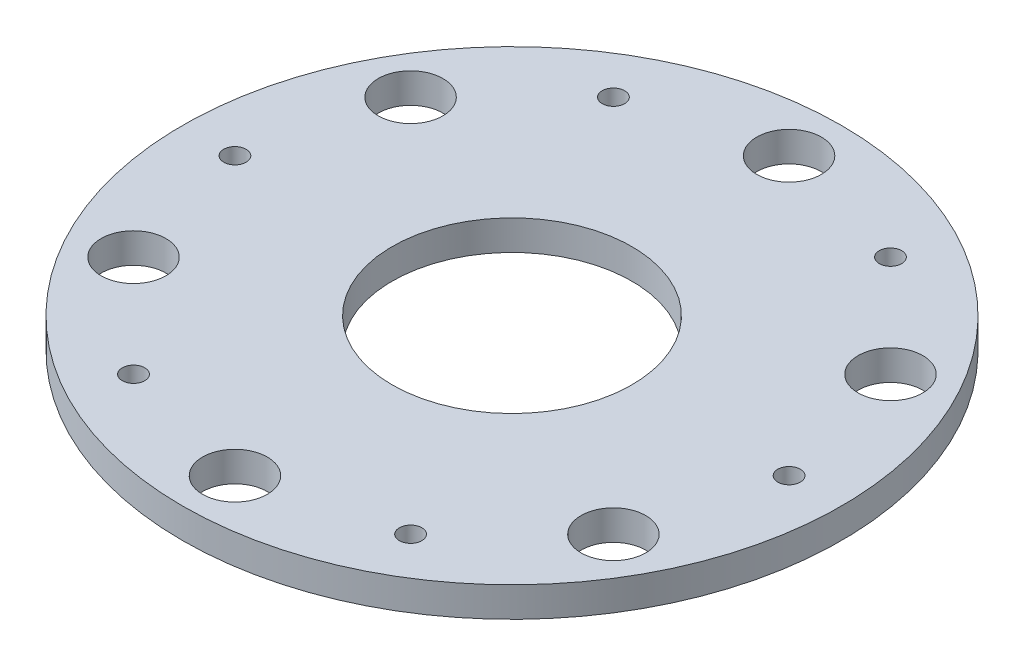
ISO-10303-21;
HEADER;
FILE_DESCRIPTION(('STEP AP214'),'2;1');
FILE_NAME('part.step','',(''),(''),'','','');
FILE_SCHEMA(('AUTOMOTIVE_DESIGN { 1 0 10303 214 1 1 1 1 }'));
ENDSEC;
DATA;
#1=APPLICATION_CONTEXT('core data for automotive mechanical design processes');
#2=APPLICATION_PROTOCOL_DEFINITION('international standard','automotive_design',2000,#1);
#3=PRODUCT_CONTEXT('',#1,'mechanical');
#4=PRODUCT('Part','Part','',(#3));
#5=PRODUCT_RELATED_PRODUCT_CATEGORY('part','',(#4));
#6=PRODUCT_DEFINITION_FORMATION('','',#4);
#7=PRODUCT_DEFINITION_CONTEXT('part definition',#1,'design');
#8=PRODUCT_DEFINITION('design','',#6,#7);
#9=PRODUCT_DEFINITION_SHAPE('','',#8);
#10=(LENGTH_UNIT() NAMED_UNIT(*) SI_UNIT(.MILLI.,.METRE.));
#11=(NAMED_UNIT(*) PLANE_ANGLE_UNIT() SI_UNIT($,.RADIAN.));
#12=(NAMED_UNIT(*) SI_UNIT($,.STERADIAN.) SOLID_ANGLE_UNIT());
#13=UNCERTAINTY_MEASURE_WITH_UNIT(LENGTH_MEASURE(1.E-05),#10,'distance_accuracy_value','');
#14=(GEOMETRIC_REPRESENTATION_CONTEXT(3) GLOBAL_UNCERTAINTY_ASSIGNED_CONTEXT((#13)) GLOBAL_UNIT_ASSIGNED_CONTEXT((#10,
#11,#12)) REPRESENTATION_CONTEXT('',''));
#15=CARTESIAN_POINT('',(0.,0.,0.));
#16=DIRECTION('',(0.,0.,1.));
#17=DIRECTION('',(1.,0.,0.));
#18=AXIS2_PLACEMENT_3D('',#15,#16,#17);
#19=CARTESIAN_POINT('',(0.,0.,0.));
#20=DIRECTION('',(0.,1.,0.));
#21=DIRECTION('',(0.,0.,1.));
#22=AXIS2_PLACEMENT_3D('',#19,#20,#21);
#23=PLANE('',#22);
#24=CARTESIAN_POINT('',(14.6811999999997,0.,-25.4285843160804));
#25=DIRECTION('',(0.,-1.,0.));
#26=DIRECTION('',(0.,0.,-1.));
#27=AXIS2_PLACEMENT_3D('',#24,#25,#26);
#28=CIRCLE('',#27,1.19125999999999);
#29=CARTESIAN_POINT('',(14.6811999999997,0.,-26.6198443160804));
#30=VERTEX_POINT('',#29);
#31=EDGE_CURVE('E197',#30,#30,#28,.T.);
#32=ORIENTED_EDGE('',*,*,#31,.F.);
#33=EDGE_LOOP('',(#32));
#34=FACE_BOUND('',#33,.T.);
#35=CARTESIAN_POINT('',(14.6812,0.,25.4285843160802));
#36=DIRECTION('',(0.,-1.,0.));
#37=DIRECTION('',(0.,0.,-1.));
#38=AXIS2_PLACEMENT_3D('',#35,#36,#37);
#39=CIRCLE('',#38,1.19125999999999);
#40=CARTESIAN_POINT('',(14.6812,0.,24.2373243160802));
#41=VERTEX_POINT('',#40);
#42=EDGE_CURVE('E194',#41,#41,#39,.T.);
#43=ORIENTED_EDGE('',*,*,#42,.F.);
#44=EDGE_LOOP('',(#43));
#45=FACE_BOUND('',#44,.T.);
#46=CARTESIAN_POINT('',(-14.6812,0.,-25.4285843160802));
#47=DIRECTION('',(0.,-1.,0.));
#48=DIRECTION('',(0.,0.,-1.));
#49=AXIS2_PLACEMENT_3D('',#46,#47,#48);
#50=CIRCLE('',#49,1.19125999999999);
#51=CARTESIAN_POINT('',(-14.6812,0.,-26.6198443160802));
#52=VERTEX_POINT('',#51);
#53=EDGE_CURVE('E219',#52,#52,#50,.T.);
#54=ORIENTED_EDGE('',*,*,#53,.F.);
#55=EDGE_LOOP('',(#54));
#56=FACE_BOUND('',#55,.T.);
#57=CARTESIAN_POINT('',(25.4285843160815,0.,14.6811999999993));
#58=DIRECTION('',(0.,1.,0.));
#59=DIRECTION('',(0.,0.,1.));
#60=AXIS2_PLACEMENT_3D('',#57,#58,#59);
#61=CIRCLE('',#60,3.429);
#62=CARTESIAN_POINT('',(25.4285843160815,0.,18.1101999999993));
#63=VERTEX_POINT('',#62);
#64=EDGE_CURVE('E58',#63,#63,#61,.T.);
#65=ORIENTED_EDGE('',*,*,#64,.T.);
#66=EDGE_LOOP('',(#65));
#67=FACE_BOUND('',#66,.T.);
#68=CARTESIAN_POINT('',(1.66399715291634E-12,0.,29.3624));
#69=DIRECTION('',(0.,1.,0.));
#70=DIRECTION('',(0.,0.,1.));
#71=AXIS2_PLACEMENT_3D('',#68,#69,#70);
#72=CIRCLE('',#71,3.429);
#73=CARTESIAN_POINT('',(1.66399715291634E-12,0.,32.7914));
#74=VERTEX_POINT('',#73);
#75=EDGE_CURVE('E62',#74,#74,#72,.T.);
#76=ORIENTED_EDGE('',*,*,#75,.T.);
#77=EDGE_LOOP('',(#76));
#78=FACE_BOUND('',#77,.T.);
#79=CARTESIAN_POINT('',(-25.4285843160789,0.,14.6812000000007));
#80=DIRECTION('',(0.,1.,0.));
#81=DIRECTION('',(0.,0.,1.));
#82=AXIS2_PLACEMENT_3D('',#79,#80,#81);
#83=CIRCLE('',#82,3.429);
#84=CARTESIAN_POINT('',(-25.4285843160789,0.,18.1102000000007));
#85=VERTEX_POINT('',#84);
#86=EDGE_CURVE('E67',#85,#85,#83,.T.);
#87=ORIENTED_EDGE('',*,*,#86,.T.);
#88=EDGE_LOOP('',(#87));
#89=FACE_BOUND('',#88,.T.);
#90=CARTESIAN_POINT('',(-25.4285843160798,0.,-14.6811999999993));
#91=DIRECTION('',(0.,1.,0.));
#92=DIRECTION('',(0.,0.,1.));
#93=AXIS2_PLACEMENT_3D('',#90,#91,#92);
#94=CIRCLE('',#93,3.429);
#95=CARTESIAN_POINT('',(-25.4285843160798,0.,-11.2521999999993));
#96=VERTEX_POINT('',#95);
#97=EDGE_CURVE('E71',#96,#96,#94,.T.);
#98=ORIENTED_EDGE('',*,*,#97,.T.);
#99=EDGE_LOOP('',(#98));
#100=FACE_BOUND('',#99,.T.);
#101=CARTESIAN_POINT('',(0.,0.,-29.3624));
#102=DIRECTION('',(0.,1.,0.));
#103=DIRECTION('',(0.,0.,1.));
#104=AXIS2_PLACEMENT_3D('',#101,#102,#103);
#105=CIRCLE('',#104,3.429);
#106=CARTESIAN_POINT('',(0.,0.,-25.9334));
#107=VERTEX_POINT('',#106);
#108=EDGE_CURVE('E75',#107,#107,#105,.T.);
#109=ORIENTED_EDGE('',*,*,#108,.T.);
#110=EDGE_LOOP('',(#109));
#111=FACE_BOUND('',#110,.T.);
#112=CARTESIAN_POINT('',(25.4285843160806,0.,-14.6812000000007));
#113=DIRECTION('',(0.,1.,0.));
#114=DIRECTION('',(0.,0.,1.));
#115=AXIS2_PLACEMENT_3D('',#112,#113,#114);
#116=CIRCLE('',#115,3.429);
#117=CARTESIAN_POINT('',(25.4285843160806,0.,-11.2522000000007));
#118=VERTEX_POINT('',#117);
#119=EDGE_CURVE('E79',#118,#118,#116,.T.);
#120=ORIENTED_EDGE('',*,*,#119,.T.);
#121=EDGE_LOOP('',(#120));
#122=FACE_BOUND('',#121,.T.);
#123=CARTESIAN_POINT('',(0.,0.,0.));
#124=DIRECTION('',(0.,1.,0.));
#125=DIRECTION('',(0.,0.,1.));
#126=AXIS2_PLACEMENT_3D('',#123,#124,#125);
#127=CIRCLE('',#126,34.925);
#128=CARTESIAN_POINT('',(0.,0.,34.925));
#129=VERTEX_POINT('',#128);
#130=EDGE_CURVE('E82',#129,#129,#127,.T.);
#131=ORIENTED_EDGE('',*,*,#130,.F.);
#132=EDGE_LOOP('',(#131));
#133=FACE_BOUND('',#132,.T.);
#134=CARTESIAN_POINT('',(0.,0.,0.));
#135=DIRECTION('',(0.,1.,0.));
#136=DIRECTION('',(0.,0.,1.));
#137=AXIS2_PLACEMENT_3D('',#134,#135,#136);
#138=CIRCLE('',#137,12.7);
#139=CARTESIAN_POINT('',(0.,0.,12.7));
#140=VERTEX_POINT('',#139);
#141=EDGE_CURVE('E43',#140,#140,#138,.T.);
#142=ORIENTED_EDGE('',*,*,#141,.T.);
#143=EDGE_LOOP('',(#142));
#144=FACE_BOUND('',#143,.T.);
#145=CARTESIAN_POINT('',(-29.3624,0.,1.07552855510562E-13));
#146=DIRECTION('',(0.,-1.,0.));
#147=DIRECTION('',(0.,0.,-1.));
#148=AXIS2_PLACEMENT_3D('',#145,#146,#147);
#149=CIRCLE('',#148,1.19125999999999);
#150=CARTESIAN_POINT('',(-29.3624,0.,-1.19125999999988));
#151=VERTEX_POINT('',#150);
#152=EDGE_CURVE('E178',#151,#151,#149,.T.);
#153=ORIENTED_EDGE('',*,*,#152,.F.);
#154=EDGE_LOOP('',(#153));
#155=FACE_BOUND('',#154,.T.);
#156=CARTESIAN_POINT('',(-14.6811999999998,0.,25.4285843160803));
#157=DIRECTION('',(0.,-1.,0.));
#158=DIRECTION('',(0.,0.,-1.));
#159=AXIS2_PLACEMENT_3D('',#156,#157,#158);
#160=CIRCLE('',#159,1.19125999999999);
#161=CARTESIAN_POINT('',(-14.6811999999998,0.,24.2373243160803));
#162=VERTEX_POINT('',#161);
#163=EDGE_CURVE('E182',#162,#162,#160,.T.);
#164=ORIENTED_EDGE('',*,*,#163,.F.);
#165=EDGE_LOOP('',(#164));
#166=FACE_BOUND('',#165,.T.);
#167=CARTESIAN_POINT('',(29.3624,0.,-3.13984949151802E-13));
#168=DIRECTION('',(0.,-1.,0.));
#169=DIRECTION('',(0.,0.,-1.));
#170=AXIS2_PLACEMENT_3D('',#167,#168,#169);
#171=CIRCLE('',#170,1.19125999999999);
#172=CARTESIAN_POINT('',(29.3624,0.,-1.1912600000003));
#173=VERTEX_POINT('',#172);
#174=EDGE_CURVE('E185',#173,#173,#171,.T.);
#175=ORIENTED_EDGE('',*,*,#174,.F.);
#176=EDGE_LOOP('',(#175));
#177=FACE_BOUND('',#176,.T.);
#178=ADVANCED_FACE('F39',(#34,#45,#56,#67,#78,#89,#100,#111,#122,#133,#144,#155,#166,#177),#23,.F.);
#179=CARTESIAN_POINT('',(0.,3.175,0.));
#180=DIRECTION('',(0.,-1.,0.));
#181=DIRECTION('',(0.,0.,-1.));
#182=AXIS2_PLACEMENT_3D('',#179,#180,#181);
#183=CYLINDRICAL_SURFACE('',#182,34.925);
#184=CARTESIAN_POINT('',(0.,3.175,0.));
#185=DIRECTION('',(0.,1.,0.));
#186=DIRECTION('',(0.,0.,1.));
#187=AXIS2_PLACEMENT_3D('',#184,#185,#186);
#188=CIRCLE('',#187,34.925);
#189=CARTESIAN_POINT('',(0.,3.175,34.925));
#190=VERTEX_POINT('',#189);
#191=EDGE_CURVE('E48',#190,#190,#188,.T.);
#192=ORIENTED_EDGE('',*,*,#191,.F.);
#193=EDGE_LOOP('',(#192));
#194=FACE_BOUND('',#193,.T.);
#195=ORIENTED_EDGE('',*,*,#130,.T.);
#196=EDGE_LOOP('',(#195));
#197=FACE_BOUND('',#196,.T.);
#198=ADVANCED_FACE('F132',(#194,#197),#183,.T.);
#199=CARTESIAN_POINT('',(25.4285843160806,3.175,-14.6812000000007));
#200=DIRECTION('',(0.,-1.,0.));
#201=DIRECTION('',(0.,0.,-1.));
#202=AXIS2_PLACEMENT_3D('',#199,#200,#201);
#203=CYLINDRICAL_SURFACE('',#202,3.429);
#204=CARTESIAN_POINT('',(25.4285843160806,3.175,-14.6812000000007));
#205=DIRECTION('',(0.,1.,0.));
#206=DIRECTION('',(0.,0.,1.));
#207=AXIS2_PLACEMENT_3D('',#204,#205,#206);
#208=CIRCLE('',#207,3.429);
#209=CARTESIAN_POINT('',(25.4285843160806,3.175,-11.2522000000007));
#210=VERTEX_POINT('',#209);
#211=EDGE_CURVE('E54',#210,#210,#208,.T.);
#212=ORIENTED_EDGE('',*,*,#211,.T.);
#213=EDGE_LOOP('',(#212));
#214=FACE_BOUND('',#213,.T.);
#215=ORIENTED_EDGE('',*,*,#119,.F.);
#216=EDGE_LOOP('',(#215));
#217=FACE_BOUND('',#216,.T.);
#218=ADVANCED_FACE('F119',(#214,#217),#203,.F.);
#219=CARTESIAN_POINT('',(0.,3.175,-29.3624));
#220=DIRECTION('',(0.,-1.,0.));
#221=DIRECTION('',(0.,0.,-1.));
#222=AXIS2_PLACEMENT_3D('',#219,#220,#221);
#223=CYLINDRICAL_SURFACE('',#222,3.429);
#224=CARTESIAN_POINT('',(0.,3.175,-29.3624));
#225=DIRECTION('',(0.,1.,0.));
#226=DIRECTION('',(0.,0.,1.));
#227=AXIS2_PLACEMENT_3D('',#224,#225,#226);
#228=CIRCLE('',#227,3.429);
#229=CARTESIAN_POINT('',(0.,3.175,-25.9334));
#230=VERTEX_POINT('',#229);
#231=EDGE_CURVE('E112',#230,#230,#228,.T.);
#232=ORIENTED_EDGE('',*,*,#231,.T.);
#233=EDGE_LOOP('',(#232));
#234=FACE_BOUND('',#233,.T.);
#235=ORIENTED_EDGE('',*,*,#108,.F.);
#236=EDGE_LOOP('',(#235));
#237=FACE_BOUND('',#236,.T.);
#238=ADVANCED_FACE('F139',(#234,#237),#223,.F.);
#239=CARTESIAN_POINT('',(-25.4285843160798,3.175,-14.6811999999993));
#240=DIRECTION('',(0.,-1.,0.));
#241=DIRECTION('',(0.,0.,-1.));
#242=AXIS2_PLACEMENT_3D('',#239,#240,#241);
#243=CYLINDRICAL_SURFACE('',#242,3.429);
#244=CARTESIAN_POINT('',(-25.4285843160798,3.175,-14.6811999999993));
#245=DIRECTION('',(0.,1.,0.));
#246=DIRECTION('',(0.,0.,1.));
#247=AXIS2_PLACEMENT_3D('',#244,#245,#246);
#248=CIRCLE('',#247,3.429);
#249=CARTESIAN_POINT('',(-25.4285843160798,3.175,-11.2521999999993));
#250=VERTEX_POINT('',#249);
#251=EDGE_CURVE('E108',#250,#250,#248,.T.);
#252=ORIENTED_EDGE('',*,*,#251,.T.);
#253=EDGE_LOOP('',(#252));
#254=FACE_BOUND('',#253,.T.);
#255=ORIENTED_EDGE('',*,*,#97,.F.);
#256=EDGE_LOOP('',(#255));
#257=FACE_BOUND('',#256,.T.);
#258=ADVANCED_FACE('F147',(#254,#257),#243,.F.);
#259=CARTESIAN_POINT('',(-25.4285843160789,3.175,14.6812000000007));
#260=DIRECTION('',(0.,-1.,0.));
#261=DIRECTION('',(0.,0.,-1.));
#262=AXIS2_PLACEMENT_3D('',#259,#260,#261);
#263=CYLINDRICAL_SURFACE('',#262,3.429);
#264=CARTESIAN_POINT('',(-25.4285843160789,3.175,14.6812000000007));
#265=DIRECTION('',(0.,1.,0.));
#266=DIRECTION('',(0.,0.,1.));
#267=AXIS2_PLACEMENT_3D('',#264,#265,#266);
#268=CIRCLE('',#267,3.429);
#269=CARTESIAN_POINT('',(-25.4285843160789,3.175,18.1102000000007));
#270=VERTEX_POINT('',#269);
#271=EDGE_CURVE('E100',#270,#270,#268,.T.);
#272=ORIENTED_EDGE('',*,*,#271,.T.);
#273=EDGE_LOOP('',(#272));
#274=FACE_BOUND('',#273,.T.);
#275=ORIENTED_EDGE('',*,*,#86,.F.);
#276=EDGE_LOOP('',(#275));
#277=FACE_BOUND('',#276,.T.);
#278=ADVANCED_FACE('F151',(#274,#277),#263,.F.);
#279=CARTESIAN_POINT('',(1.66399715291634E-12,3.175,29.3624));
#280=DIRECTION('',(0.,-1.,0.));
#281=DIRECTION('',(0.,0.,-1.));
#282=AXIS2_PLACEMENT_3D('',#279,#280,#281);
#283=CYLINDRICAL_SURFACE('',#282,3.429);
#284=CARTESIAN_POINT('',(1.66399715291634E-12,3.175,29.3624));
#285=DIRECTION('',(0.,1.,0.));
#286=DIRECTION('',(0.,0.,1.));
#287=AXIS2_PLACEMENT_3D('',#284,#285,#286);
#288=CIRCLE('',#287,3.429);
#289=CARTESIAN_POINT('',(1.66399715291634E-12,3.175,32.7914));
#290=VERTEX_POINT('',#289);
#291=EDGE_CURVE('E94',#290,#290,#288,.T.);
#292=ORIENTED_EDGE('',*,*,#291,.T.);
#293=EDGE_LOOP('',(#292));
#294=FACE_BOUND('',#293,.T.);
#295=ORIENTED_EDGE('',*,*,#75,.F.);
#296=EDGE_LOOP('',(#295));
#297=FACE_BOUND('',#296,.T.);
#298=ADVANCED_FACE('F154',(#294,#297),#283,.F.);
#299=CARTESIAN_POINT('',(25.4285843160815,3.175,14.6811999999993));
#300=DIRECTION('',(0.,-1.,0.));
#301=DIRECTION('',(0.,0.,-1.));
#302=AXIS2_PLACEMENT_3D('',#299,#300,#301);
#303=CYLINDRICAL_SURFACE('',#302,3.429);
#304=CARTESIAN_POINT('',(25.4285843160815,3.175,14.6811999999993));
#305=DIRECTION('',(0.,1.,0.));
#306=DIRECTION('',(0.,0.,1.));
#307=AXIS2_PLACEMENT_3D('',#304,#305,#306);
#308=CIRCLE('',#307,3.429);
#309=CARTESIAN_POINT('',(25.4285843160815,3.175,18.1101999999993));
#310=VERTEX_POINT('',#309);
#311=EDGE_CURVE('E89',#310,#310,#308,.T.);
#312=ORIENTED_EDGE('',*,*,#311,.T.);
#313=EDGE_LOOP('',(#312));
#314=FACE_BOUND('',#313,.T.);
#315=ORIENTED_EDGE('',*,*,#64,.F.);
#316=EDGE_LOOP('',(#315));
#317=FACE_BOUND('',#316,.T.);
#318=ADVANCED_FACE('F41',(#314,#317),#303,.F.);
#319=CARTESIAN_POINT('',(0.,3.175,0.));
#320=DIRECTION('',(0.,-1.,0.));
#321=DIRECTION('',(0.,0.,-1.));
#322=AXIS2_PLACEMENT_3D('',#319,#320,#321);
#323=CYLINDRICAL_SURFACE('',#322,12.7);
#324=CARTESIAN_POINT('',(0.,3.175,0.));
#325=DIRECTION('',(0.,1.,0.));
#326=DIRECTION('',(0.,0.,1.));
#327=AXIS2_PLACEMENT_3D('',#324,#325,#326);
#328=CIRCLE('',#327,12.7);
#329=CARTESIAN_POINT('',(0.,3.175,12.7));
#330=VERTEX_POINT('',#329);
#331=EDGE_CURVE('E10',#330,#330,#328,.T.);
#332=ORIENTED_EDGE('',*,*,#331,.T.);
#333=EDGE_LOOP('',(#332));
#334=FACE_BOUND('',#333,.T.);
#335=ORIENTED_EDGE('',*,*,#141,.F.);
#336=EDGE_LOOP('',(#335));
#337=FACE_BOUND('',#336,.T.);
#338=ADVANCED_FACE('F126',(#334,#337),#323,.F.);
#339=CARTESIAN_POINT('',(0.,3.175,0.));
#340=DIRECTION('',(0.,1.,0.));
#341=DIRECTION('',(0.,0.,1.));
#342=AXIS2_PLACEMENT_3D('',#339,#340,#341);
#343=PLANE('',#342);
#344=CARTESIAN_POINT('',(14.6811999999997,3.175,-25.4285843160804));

# Work request
What is needed is an exact copy of the lines above, from the one containing "#9=PRODUCT_DEFINITION_SHAPE('','',#8);" through the one containing "#15=CARTESIAN_POINT('',(0.,0.,0.));", with nothing added.

# Answer section
#9=PRODUCT_DEFINITION_SHAPE('','',#8);
#10=(LENGTH_UNIT() NAMED_UNIT(*) SI_UNIT(.MILLI.,.METRE.));
#11=(NAMED_UNIT(*) PLANE_ANGLE_UNIT() SI_UNIT($,.RADIAN.));
#12=(NAMED_UNIT(*) SI_UNIT($,.STERADIAN.) SOLID_ANGLE_UNIT());
#13=UNCERTAINTY_MEASURE_WITH_UNIT(LENGTH_MEASURE(1.E-05),#10,'distance_accuracy_value','');
#14=(GEOMETRIC_REPRESENTATION_CONTEXT(3) GLOBAL_UNCERTAINTY_ASSIGNED_CONTEXT((#13)) GLOBAL_UNIT_ASSIGNED_CONTEXT((#10,
#11,#12)) REPRESENTATION_CONTEXT('',''));
#15=CARTESIAN_POINT('',(0.,0.,0.));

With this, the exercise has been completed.